▶ [Task details]:
Look below for the line containing "#120=CARTESIAN_POINT('',(-38.1,-18.923,-27.686));". Output it and each remaining line of the entries exactly, and nothing else.

[Collection entries]
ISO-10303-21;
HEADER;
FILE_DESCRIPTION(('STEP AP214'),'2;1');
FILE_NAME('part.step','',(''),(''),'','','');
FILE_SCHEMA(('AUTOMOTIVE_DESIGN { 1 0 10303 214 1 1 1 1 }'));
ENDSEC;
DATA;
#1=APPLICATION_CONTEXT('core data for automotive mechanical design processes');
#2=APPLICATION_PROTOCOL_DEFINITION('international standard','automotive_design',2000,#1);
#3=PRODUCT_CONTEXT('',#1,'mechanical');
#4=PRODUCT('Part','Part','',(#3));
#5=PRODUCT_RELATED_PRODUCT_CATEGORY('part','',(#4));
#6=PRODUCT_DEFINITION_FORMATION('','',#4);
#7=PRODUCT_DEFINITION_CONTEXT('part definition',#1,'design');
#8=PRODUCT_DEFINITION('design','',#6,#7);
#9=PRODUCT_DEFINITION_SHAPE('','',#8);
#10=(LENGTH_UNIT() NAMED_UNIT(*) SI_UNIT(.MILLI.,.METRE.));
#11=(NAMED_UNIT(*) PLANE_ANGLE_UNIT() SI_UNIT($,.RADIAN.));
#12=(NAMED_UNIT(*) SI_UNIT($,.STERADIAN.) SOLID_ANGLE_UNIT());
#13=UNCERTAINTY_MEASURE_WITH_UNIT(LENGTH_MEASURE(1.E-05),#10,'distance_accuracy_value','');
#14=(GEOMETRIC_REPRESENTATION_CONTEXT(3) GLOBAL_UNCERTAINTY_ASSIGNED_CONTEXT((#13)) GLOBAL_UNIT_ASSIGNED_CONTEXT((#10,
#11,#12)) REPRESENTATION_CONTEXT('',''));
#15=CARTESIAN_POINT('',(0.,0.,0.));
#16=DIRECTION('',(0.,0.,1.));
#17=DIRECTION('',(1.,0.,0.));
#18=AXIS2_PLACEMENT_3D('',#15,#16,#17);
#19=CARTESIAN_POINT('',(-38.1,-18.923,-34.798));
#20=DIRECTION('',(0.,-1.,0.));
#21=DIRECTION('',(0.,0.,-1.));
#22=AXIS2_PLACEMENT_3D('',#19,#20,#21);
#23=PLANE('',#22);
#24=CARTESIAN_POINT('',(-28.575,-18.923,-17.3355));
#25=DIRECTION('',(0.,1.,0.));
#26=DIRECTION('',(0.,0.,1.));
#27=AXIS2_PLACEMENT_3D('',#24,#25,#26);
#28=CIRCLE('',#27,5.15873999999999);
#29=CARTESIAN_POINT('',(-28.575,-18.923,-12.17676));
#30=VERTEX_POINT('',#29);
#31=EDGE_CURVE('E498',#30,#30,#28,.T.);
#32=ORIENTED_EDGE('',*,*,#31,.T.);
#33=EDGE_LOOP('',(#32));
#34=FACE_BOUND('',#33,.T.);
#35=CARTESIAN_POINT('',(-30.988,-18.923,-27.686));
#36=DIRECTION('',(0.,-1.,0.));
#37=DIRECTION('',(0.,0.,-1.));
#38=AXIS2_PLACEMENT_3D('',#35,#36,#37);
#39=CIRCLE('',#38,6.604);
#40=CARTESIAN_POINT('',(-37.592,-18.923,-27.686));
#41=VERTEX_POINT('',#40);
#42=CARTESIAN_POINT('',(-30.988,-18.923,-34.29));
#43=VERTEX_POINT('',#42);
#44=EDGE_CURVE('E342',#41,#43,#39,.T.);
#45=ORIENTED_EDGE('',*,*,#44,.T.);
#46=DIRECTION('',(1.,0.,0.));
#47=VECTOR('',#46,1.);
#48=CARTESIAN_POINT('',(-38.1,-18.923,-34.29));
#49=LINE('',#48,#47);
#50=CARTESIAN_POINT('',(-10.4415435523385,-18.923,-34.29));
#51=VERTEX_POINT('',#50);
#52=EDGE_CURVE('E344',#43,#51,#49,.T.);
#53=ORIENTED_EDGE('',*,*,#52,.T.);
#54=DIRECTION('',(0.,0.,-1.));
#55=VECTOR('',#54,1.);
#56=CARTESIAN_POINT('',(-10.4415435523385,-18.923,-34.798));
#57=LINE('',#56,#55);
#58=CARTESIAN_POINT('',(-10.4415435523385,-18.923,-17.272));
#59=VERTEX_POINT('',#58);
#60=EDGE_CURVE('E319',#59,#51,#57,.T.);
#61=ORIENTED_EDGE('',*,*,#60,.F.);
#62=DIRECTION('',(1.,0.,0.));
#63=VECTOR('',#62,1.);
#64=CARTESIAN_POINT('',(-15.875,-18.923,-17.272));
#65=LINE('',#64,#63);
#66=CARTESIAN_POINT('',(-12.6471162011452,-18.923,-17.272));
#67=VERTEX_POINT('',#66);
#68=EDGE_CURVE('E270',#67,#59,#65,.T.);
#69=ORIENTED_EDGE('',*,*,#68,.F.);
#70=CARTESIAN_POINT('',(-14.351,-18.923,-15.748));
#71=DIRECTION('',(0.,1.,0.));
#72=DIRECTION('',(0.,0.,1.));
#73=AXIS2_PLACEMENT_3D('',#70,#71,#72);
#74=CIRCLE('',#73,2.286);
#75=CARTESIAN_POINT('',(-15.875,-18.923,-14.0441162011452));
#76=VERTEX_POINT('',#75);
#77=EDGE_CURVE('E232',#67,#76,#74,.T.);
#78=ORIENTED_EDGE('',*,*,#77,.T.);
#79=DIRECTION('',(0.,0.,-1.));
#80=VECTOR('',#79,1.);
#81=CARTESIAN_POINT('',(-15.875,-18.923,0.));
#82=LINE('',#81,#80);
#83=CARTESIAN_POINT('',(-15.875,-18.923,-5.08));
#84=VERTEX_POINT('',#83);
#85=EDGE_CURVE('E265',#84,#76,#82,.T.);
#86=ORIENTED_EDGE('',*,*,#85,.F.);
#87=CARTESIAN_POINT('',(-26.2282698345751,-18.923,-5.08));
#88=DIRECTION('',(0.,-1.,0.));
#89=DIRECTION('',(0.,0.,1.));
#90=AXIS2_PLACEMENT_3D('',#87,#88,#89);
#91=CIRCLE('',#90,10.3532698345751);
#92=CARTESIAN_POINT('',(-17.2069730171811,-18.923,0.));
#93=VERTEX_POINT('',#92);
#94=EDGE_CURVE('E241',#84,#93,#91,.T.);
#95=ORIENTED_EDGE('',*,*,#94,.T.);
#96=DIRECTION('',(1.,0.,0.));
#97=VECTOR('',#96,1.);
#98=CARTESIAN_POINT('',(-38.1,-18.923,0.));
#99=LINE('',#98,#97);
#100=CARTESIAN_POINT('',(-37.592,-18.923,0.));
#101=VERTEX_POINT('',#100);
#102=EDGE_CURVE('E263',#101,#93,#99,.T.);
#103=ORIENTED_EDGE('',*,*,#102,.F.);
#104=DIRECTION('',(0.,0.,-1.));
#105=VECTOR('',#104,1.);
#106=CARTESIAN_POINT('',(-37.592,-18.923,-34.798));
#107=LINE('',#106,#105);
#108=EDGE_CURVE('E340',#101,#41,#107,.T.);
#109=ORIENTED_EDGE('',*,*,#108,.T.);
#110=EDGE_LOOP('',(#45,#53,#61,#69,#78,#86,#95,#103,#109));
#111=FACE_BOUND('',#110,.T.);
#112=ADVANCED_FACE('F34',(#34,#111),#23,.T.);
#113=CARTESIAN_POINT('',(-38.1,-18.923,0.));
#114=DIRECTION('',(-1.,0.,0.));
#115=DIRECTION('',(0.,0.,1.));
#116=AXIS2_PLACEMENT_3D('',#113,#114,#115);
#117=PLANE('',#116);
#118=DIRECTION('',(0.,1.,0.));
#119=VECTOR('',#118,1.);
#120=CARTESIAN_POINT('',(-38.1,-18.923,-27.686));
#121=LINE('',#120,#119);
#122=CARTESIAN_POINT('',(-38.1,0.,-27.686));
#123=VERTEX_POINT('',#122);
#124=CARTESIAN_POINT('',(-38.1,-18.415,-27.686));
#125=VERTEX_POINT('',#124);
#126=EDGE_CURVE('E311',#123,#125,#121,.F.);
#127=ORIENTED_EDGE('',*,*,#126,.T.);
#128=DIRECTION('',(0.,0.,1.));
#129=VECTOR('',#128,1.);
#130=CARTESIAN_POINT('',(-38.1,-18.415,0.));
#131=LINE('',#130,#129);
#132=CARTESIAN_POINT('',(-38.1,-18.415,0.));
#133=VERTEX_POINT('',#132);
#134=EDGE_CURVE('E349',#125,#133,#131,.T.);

▶ [Result]:
#120=CARTESIAN_POINT('',(-38.1,-18.923,-27.686));
#121=LINE('',#120,#119);
#122=CARTESIAN_POINT('',(-38.1,0.,-27.686));
#123=VERTEX_POINT('',#122);
#124=CARTESIAN_POINT('',(-38.1,-18.415,-27.686));
#125=VERTEX_POINT('',#124);
#126=EDGE_CURVE('E311',#123,#125,#121,.F.);
#127=ORIENTED_EDGE('',*,*,#126,.T.);
#128=DIRECTION('',(0.,0.,1.));
#129=VECTOR('',#128,1.);
#130=CARTESIAN_POINT('',(-38.1,-18.415,0.));
#131=LINE('',#130,#129);
#132=CARTESIAN_POINT('',(-38.1,-18.415,0.));
#133=VERTEX_POINT('',#132);
#134=EDGE_CURVE('E349',#125,#133,#131,.T.);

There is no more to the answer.